===== DATA TO USE
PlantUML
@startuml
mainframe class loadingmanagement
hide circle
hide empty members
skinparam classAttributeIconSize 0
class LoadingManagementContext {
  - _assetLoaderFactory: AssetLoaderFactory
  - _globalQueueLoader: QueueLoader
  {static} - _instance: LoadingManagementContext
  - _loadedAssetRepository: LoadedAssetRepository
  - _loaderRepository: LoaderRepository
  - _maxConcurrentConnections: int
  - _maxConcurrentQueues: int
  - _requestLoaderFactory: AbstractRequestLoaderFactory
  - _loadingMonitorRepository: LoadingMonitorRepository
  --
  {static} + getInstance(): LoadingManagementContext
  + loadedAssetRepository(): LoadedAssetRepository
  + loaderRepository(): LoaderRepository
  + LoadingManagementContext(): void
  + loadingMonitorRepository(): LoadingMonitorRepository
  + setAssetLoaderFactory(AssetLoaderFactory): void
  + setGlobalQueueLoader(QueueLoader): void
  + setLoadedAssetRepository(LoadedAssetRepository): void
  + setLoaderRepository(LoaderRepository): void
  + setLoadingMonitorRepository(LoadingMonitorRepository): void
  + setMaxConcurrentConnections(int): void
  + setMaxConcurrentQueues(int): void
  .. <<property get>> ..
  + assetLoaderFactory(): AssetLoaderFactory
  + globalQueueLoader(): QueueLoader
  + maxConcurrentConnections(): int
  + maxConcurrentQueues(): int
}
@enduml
==========
## EXERCISE DETAILS
Which lines in the listing above hold the word "void"? Show each of them.

## EXERCISE RESULT
  + LoadingManagementContext(): void
  + setAssetLoaderFactory(AssetLoaderFactory): void
  + setGlobalQueueLoader(QueueLoader): void
  + setLoadedAssetRepository(LoadedAssetRepository): void
  + setLoaderRepository(LoaderRepository): void
  + setLoadingMonitorRepository(LoadingMonitorRepository): void
  + setMaxConcurrentConnections(int): void
  + setMaxConcurrentQueues(int): void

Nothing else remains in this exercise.